“During a recent residency in Vienna I spent time studying Gustav Klimt’s paintings. His group compositions, especially The bride, death and life, and The maiden called to me. I saw in them the joy and anguish of being alive; of loving, dying, and changing. The figures twist and fold like windblown petals or eddies in water, movements not unlike those in my marbled surfaces. I allowed his influence to mingle with other inspirations: Brazilian textiles, ornate jewelry, and natural forms embedding ideas of cultural hybridity and the decorative as political.

Underlying all is a belief I hold close: that nature and humanity are not separate.

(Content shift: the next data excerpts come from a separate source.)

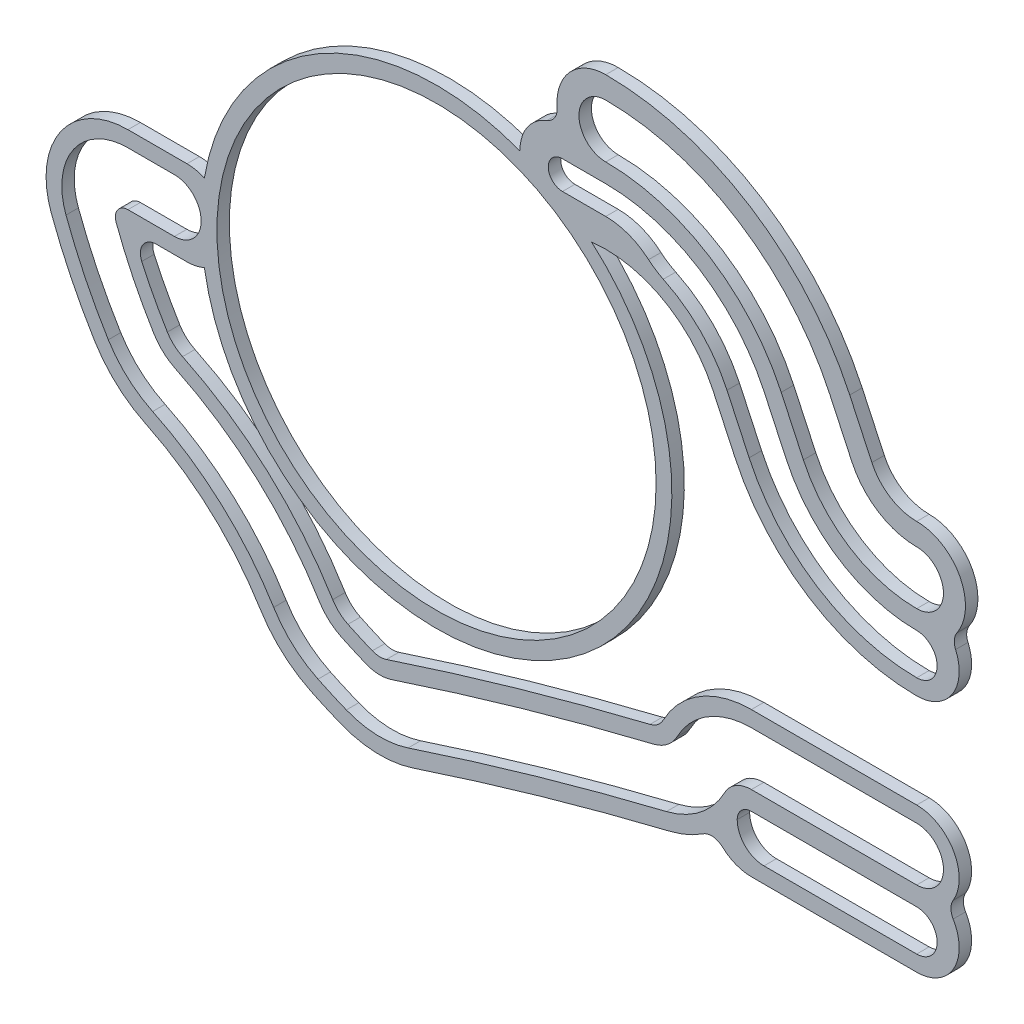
ISO-10303-21;
HEADER;
FILE_DESCRIPTION(('STEP AP214'),'2;1');
FILE_NAME('part.step','',(''),(''),'','','');
FILE_SCHEMA(('AUTOMOTIVE_DESIGN { 1 0 10303 214 1 1 1 1 }'));
ENDSEC;
DATA;
#1=APPLICATION_CONTEXT('core data for automotive mechanical design processes');
#2=APPLICATION_PROTOCOL_DEFINITION('international standard','automotive_design',2000,#1);
#3=PRODUCT_CONTEXT('',#1,'mechanical');
#4=PRODUCT('Part','Part','',(#3));
#5=PRODUCT_RELATED_PRODUCT_CATEGORY('part','',(#4));
#6=PRODUCT_DEFINITION_FORMATION('','',#4);
#7=PRODUCT_DEFINITION_CONTEXT('part definition',#1,'design');
#8=PRODUCT_DEFINITION('design','',#6,#7);
#9=PRODUCT_DEFINITION_SHAPE('','',#8);
#10=(LENGTH_UNIT() NAMED_UNIT(*) SI_UNIT(.MILLI.,.METRE.));
#11=(NAMED_UNIT(*) PLANE_ANGLE_UNIT() SI_UNIT($,.RADIAN.));
#12=(NAMED_UNIT(*) SI_UNIT($,.STERADIAN.) SOLID_ANGLE_UNIT());
#13=UNCERTAINTY_MEASURE_WITH_UNIT(LENGTH_MEASURE(1.E-05),#10,'distance_accuracy_value','');
#14=(GEOMETRIC_REPRESENTATION_CONTEXT(3) GLOBAL_UNCERTAINTY_ASSIGNED_CONTEXT((#13)) GLOBAL_UNIT_ASSIGNED_CONTEXT((#10,
#11,#12)) REPRESENTATION_CONTEXT('',''));
#15=CARTESIAN_POINT('',(0.,0.,0.));
#16=DIRECTION('',(0.,0.,1.));
#17=DIRECTION('',(1.,0.,0.));
#18=AXIS2_PLACEMENT_3D('',#15,#16,#17);
#19=CARTESIAN_POINT('',(42.9785311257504,-94.1078025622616,-1.79));
#20=DIRECTION('',(0.,0.,-1.));
#21=DIRECTION('',(-1.,0.,0.));
#22=AXIS2_PLACEMENT_3D('',#19,#20,#21);
#23=PLANE('',#22);
#24=DIRECTION('',(-1.,0.,0.));
#25=VECTOR('',#24,1.);
#26=CARTESIAN_POINT('',(8.84999999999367,-77.2000000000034,-1.79));
#27=LINE('',#26,#25);
#28=CARTESIAN_POINT('',(8.84999999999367,-77.2000000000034,-1.79));
#29=VERTEX_POINT('',#28);
#30=CARTESIAN_POINT('',(5.89999999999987,-77.2000000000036,-1.79));
#31=VERTEX_POINT('',#30);
#32=EDGE_CURVE('E701',#29,#31,#27,.T.);
#33=ORIENTED_EDGE('',*,*,#32,.F.);
#34=CARTESIAN_POINT('',(8.84999999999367,-75.5000000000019,-1.79));
#35=DIRECTION('',(0.,0.,-1.));
#36=DIRECTION('',(-1.,0.,0.));
#37=AXIS2_PLACEMENT_3D('',#34,#35,#36);
#38=CIRCLE('',#37,1.70000000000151);
#39=CARTESIAN_POINT('',(8.84999999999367,-73.8000000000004,-1.79));
#40=VERTEX_POINT('',#39);
#41=EDGE_CURVE('E699',#40,#29,#38,.T.);
#42=ORIENTED_EDGE('',*,*,#41,.F.);
#43=DIRECTION('',(1.,7.29171901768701E-13,0.));
#44=VECTOR('',#43,1.);
#45=CARTESIAN_POINT('',(5.90000000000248,-73.8000000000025,-1.79));
#46=LINE('',#45,#44);
#47=CARTESIAN_POINT('',(5.90000000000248,-73.8000000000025,-1.79));
#48=VERTEX_POINT('',#47);
#49=EDGE_CURVE('E751',#48,#40,#46,.T.);
#50=ORIENTED_EDGE('',*,*,#49,.F.);
#51=CARTESIAN_POINT('',(5.89999999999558,-78.,-1.79));
#52=DIRECTION('',(0.,0.,-1.));
#53=DIRECTION('',(-1.,0.,0.));
#54=AXIS2_PLACEMENT_3D('',#51,#52,#53);
#55=CIRCLE('',#54,4.19999999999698);
#56=CARTESIAN_POINT('',(1.96417296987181,-79.4660373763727,-1.79));
#57=VERTEX_POINT('',#56);
#58=EDGE_CURVE('E748',#57,#48,#55,.T.);
#59=ORIENTED_EDGE('',*,*,#58,.F.);
#60=CARTESIAN_POINT('',(31.670296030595,-68.4009457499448,-1.79));
#61=DIRECTION('',(0.,0.,-1.));
#62=DIRECTION('',(-1.,0.,0.));
#63=AXIS2_PLACEMENT_3D('',#60,#61,#62);
#64=CIRCLE('',#63,31.7000000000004);
#65=CARTESIAN_POINT('',(4.65227205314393,-84.9815482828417,-1.79));
#66=VERTEX_POINT('',#65);
#67=EDGE_CURVE('E746',#66,#57,#64,.T.);
#68=ORIENTED_EDGE('',*,*,#67,.F.);
#69=CARTESIAN_POINT('',(10.3627061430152,-81.4771307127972,-1.79));
#70=DIRECTION('',(0.,0.,-1.));
#71=DIRECTION('',(-1.,0.,0.));
#72=AXIS2_PLACEMENT_3D('',#69,#70,#71);
#73=CIRCLE('',#72,6.69999999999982);
#74=CARTESIAN_POINT('',(7.46778461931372,-87.5194340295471,-1.79));
#75=VERTEX_POINT('',#74);
#76=EDGE_CURVE('E744',#75,#66,#73,.T.);
#77=ORIENTED_EDGE('',*,*,#76,.F.);
#78=CARTESIAN_POINT('',(-0.439239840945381,-104.023038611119,-1.79));
#79=DIRECTION('',(0.,0.,1.));
#80=DIRECTION('',(-1.,0.,0.));
#81=AXIS2_PLACEMENT_3D('',#78,#79,#80);
#82=CIRCLE('',#81,18.3000000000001);
#83=CARTESIAN_POINT('',(15.1579159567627,-94.4512712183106,-1.79));
#84=VERTEX_POINT('',#83);
#85=EDGE_CURVE('E742',#84,#75,#82,.T.);
#86=ORIENTED_EDGE('',*,*,#85,.F.);
#87=CARTESIAN_POINT('',(20.8683500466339,-90.9468536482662,-1.79));
#88=DIRECTION('',(0.,0.,-1.));
#89=DIRECTION('',(-1.,0.,0.));
#90=AXIS2_PLACEMENT_3D('',#87,#88,#89);
#91=CIRCLE('',#90,6.69999999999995);
#92=CARTESIAN_POINT('',(17.9734285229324,-96.9891569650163,-1.79));
#93=VERTEX_POINT('',#92);
#94=EDGE_CURVE('E740',#93,#84,#91,.T.);
#95=ORIENTED_EDGE('',*,*,#94,.F.);
#96=CARTESIAN_POINT('',(31.670296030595,-68.4009457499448,-1.79));
#97=DIRECTION('',(0.,0.,-1.));
#98=DIRECTION('',(-1.,0.,0.));
#99=AXIS2_PLACEMENT_3D('',#96,#97,#98);
#100=CIRCLE('',#99,31.7000000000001);
#101=CARTESIAN_POINT('',(19.7719789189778,-97.7832542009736,-1.79));
#102=VERTEX_POINT('',#101);
#103=EDGE_CURVE('E738',#102,#93,#100,.T.);
#104=ORIENTED_EDGE('',*,*,#103,.F.);
#105=CARTESIAN_POINT('',(21.911423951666,-92.5,-1.79));
#106=DIRECTION('',(0.,0.,-1.));
#107=DIRECTION('',(-1.,0.,0.));
#108=AXIS2_PLACEMENT_3D('',#105,#106,#107);
#109=CIRCLE('',#108,5.69999999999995);
#110=CARTESIAN_POINT('',(23.6978293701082,-97.9128325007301,-1.79));
#111=VERTEX_POINT('',#110);
#112=EDGE_CURVE('E736',#111,#102,#109,.T.);
#113=ORIENTED_EDGE('',*,*,#112,.F.);
#114=CARTESIAN_POINT('',(91.3945993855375,-303.034958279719,-1.79));
#115=DIRECTION('',(0.,0.,1.));
#116=DIRECTION('',(-1.,0.,0.));
#117=AXIS2_PLACEMENT_3D('',#114,#115,#116);
#118=CIRCLE('',#117,216.004488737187);
#119=CARTESIAN_POINT('',(40.1065503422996,-93.20770747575,-1.79));
#120=VERTEX_POINT('',#119);
#121=EDGE_CURVE('E734',#120,#111,#118,.T.);
#122=ORIENTED_EDGE('',*,*,#121,.F.);
#123=CARTESIAN_POINT('',(38.753143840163,-87.6707145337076,-1.79));
#124=DIRECTION('',(0.,0.,-1.));
#125=DIRECTION('',(-1.,0.,0.));
#126=AXIS2_PLACEMENT_3D('',#123,#124,#125);
#127=CIRCLE('',#126,5.70000000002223);
#128=CARTESIAN_POINT('',(43.7956890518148,-90.3282957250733,-1.79));
#129=VERTEX_POINT('',#128);
#130=EDGE_CURVE('E732',#129,#120,#127,.T.);
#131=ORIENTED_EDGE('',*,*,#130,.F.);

I draw from the wisdom of ecofeminism, which recognizes the parallels between how we treat the Earth and how we treat one another. In every brushstroke and form, I try to reflect a world that honors care over control, harmony over hierarchy. Ecofeminism reminds me that all life is sacred, that we are part of a cycle of birth, growth, death, and renewal.”

(Text by Dinorá Justice)

Dinorá Justice was the recipient of the Mass Cultural Council Artist Fellowship in Painting in 2022 and the School of the Museum of Fine Arts, Boston/Tufts University Traveling Fellowship in 2020, the latter leading to a solo exhibition of new work at the Museum of Fine Arts, Boston in November of 2023.